Working with the Lathams proved to be uncongenial - they had little money and Dickson soon found that the hedonistic lifestyle of the Latham brothers was not to his taste. He therefore turned his attention to development work for the KMCD group (Koopman, Marvin, Casler, Dickson) which he and three friends had set up at the end of 1894. This eventually became the American Mutoscope and Biograph Company, and a formidable rival to Edison's own film interests. (The Biograph was a projector using wide-gauge 68 mm film, and the Mutoscope was a viewing device utilising bromide prints in a 'flick-book' principle). Dickson was not offered a senior management position with the company when the development work had ended, and instead became a travelling cameraman, an occupation he followed for the next five years. During 1896 and the early part of 1897 he filmed in various parts of the United States, and in May 1897 came to England to take up an appointment as technical manager and cameraman for the newly-formed British Mutoscope and Biograph Company. Using London as his base, he travelled widely throughout Britain and Europe providing a steady stream of product for the British company and the International group. In October 1899 he went to South Africa to cover the Boer War, and despite many difficulties and dangers managed to obtain a number of successful scenes of war damage, troop movements and camp life. During this campaign he kept a diary, and this was published on his return to England as The Biograph in Battle. It is a unique and valuable account, the first book published by a film cameraman, and of exceptional interest and veracity from having been compiled on the spot while the events it records were taking place.Dickson left British Biograph about 1903 and by 1906 had established himself in London as an electrical engineer.

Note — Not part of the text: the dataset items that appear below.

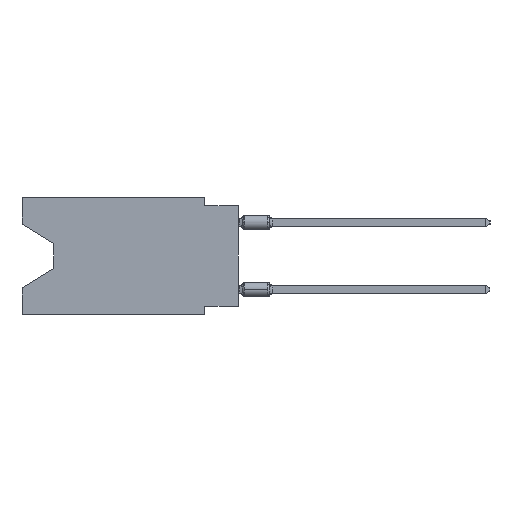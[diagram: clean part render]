
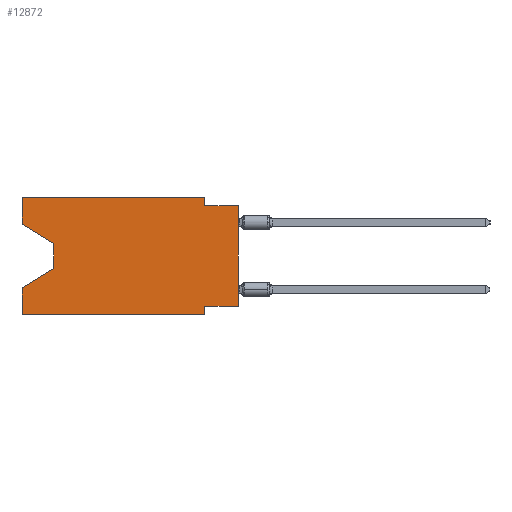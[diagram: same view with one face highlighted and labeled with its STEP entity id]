
A CAD part, left-side view. The second image highlights one B-rep face of the part: STEP entity #12872.
In plain terms, the highlighted planar face has unit normal (-1, 0, 0).
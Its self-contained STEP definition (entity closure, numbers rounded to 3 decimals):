
#679 = EDGE_CURVE ( 'NONE', #11817, #37220, #2805, .T. ) ;
#2082 = DIRECTION ( 'NONE',  ( 0., 0.855, -0.519 ) ) ;
#2282 = DIRECTION ( 'NONE',  ( 0., -1., 0. ) ) ;
#2428 = VECTOR ( 'NONE', #2082, 1000. ) ;
#2453 = CARTESIAN_POINT ( 'NONE',  ( 0., 16.383, 0. ) ) ;
#2712 = ORIENTED_EDGE ( 'NONE', *, *, #37756, .T. ) ;
#2733 = EDGE_CURVE ( 'NONE', #38810, #3163, #31999, .T. ) ;
#2805 = LINE ( 'NONE', #42074, #20120 ) ;
#3163 = VERTEX_POINT ( 'NONE', #21947 ) ;
#3478 = LINE ( 'NONE', #14103, #25816 ) ;
#3547 = VERTEX_POINT ( 'NONE', #22542 ) ;
#3992 = CARTESIAN_POINT ( 'NONE',  ( 0., 2.54, -8.255 ) ) ;
#4174 = EDGE_CURVE ( 'NONE', #10482, #10406, #29539, .T. ) ;
#5324 = VECTOR ( 'NONE', #12853, 1000. ) ;
#5733 = CARTESIAN_POINT ( 'NONE',  ( 0., 0., -0.635 ) ) ;
#7684 = ORIENTED_EDGE ( 'NONE', *, *, #9453, .F. ) ;
#7946 = ORIENTED_EDGE ( 'NONE', *, *, #679, .T. ) ;
#8130 = CARTESIAN_POINT ( 'NONE',  ( 0., 13.97, -5.385 ) ) ;
#8325 = ORIENTED_EDGE ( 'NONE', *, *, #2733, .F. ) ;
#8562 = EDGE_LOOP ( 'NONE', ( #9533, #7946, #10425, #21140, #2712, #8325, #10469, #23257, #7684, #42730, #36324, #18457 ) ) ;
#9283 = CARTESIAN_POINT ( 'NONE',  ( 0., 13.97, -3.505 ) ) ;
#9453 = EDGE_CURVE ( 'NONE', #27592, #12513, #18754, .T. ) ;
#9533 = ORIENTED_EDGE ( 'NONE', *, *, #19030, .T. ) ;
#9793 = LINE ( 'NONE', #12623, #26587 ) ;
#9883 = VERTEX_POINT ( 'NONE', #19554 ) ;
#9902 = EDGE_CURVE ( 'NONE', #9883, #12513, #32822, .T. ) ;
#9961 = CARTESIAN_POINT ( 'NONE',  ( 0., 16.383, 0. ) ) ;
#10382 = PLANE ( 'NONE',  #31312 ) ;
#10406 = VERTEX_POINT ( 'NONE', #30720 ) ;
#10425 = ORIENTED_EDGE ( 'NONE', *, *, #14890, .T. ) ;
#10469 = ORIENTED_EDGE ( 'NONE', *, *, #39827, .F. ) ;
#10482 = VERTEX_POINT ( 'NONE', #20309 ) ;
#11817 = VERTEX_POINT ( 'NONE', #9283 ) ;
#12347 = DIRECTION ( 'NONE',  ( 0., 0., -1. ) ) ;
#12434 = DIRECTION ( 'NONE',  ( 0., 0., 1. ) ) ;
#12513 = VERTEX_POINT ( 'NONE', #19070 ) ;
#12623 = CARTESIAN_POINT ( 'NONE',  ( 0., 16.383, -8.89 ) ) ;
#12853 = DIRECTION ( 'NONE',  ( 0., 0., 1. ) ) ;
#12872 = ADVANCED_FACE ( 'NONE', ( #26885 ), #10382, .F. ) ;
#12907 = CARTESIAN_POINT ( 'NONE',  ( 0., 2.54, -8.89 ) ) ;
#13701 = CARTESIAN_POINT ( 'NONE',  ( 0., 16.383, -2.038 ) ) ;
#14103 = CARTESIAN_POINT ( 'NONE',  ( 0., 2.54, 0. ) ) ;
#14238 = VECTOR ( 'NONE', #25980, 1000. ) ;
#14890 = EDGE_CURVE ( 'NONE', #37220, #10406, #25051, .T. ) ;
#15658 = DIRECTION ( 'NONE',  ( 0., -1., 0. ) ) ;
#15717 = DIRECTION ( 'NONE',  ( 0., 0., -1. ) ) ;
#16392 = CARTESIAN_POINT ( 'NONE',  ( 0., 16.383, 0. ) ) ;
#16693 = CARTESIAN_POINT ( 'NONE',  ( 0., 2.54, -0.635 ) ) ;
#17364 = LINE ( 'NONE', #13701, #18722 ) ;
#18389 = CARTESIAN_POINT ( 'NONE',  ( 0., 16.383, -2.038 ) ) ;
#18457 = ORIENTED_EDGE ( 'NONE', *, *, #30358, .F. ) ;
#18722 = VECTOR ( 'NONE', #20174, 1000. ) ;
#18754 = LINE ( 'NONE', #5733, #25379 ) ;
#19030 = EDGE_CURVE ( 'NONE', #24828, #11817, #17364, .T. ) ;
#19070 = CARTESIAN_POINT ( 'NONE',  ( 0., 0., -0.635 ) ) ;
#19554 = CARTESIAN_POINT ( 'NONE',  ( 0., 0., -8.255 ) ) ;
#19599 = EDGE_CURVE ( 'NONE', #35507, #3547, #30557, .T. ) ;
#20120 = VECTOR ( 'NONE', #12347, 1000. ) ;
#20174 = DIRECTION ( 'NONE',  ( 0., -0.855, -0.519 ) ) ;
#20309 = CARTESIAN_POINT ( 'NONE',  ( 0., 16.383, -8.89 ) ) ;
#20598 = DIRECTION ( 'NONE',  ( 0., 0., -1. ) ) ;
#20730 = VECTOR ( 'NONE', #12434, 1000. ) ;
#21140 = ORIENTED_EDGE ( 'NONE', *, *, #4174, .F. ) ;
#21947 = CARTESIAN_POINT ( 'NONE',  ( 0., 2.54, -8.89 ) ) ;
#21973 = LINE ( 'NONE', #2453, #20730 ) ;
#21994 = EDGE_CURVE ( 'NONE', #3547, #27592, #3478, .T. ) ;
#22501 = CARTESIAN_POINT ( 'NONE',  ( 0., 0., -8.255 ) ) ;
#22542 = CARTESIAN_POINT ( 'NONE',  ( 0., 2.54, 0. ) ) ;
#22573 = DIRECTION ( 'NONE',  ( 0., 0., 1. ) ) ;
#23257 = ORIENTED_EDGE ( 'NONE', *, *, #9902, .T. ) ;
#24654 = CARTESIAN_POINT ( 'NONE',  ( 0., 16.383, 0. ) ) ;
#24828 = VERTEX_POINT ( 'NONE', #18389 ) ;
#25051 = LINE ( 'NONE', #31802, #2428 ) ;
#25379 = VECTOR ( 'NONE', #2282, 1000. ) ;
#25816 = VECTOR ( 'NONE', #20598, 1000. ) ;
#25980 = DIRECTION ( 'NONE',  ( 0., 1., 0. ) ) ;
#26452 = VECTOR ( 'NONE', #30976, 1000. ) ;
#26587 = VECTOR ( 'NONE', #15658, 1000. ) ;
#26885 = FACE_OUTER_BOUND ( 'NONE', #8562, .T. ) ;
#27592 = VERTEX_POINT ( 'NONE', #16693 ) ;
#28899 = VECTOR ( 'NONE', #15717, 1000. ) ;
#28997 = VECTOR ( 'NONE', #22573, 1000. ) ;
#29025 = LINE ( 'NONE', #22501, #14238 ) ;
#29539 = LINE ( 'NONE', #42774, #28997 ) ;
#30358 = EDGE_CURVE ( 'NONE', #24828, #35507, #21973, .T. ) ;
#30557 = LINE ( 'NONE', #24654, #26452 ) ;
#30720 = CARTESIAN_POINT ( 'NONE',  ( 0., 16.383, -6.852 ) ) ;
#30976 = DIRECTION ( 'NONE',  ( 0., -1., 0. ) ) ;
#31312 = AXIS2_PLACEMENT_3D ( 'NONE', #9961, #39895, #40534 ) ;
#31802 = CARTESIAN_POINT ( 'NONE',  ( 0., 13.97, -5.385 ) ) ;
#31999 = LINE ( 'NONE', #12907, #28899 ) ;
#32822 = LINE ( 'NONE', #42578, #5324 ) ;
#35507 = VERTEX_POINT ( 'NONE', #16392 ) ;
#36324 = ORIENTED_EDGE ( 'NONE', *, *, #19599, .F. ) ;
#37220 = VERTEX_POINT ( 'NONE', #8130 ) ;
#37756 = EDGE_CURVE ( 'NONE', #10482, #3163, #9793, .T. ) ;
#38810 = VERTEX_POINT ( 'NONE', #3992 ) ;
#39827 = EDGE_CURVE ( 'NONE', #9883, #38810, #29025, .T. ) ;
#39895 = DIRECTION ( 'NONE',  ( 1., 0., 0. ) ) ;
#40534 = DIRECTION ( 'NONE',  ( 0., 0., -1. ) ) ;
#42074 = CARTESIAN_POINT ( 'NONE',  ( 0., 13.97, -3.505 ) ) ;
#42578 = CARTESIAN_POINT ( 'NONE',  ( 0., 0., 0. ) ) ;
#42730 = ORIENTED_EDGE ( 'NONE', *, *, #21994, .F. ) ;
#42774 = CARTESIAN_POINT ( 'NONE',  ( 0., 16.383, 0. ) ) ;

Assessments of the relative contribution of Dickson and Edison in the important work done at West Orange between 1888 and 1894 have varied widely. In his old age Edison, perhaps not surprisingly, regarded Dickson as disloyal andrefused to have anything to do with him even though Dickson tried to re-establish contact. Inevitably Edison's attitude affected accounts such as Ramsaye's which were written in the Inventor's lifetime. A completely different perspective was offered by Gordon Hendricks in the 1960s. Making extensive use of the Edison archive, Hendricks argued that Dickson had been a victim of Edison's ruthlessness and love of fame, and that his true contributions had been overlooked or even suppressed. More recently it has been suggested by Charles Musser that Hendricks' criticism of Edison lacks objectivity, and that his conclusions are suspect. Utilising an approach which he terms 'critical sympathy', Musser has carefully re-examined the evidence, but it seems unlikely that a finally accepted judgement of Dickson has yet been achieved. A concentration on the personalities of either Dickson or Edison is in any case misleading, for the motion picture work done at West Orange was essentially a co-operative team effort rather than the result of individual inspiration. In common with both the Lumière and Biograph organisations, successful product development emerged from the background of a well-capitalised, and large scale industrial manufacturing environment, and the final result represented a synthesis of previous work by other pioneers rather than one all-important 'invention' made by a sole worker - however brilliant. While company employees such as Dickson may have done much of the day to day work, what they achieved was only possible because of the first-class facilities available, and Edison's willingness to spend considerable sums of money on his research and development function. W.K-L. Dickson died of cancer at Twickenham, London on 28 September 1935. He was twice married and had one (adopted) son.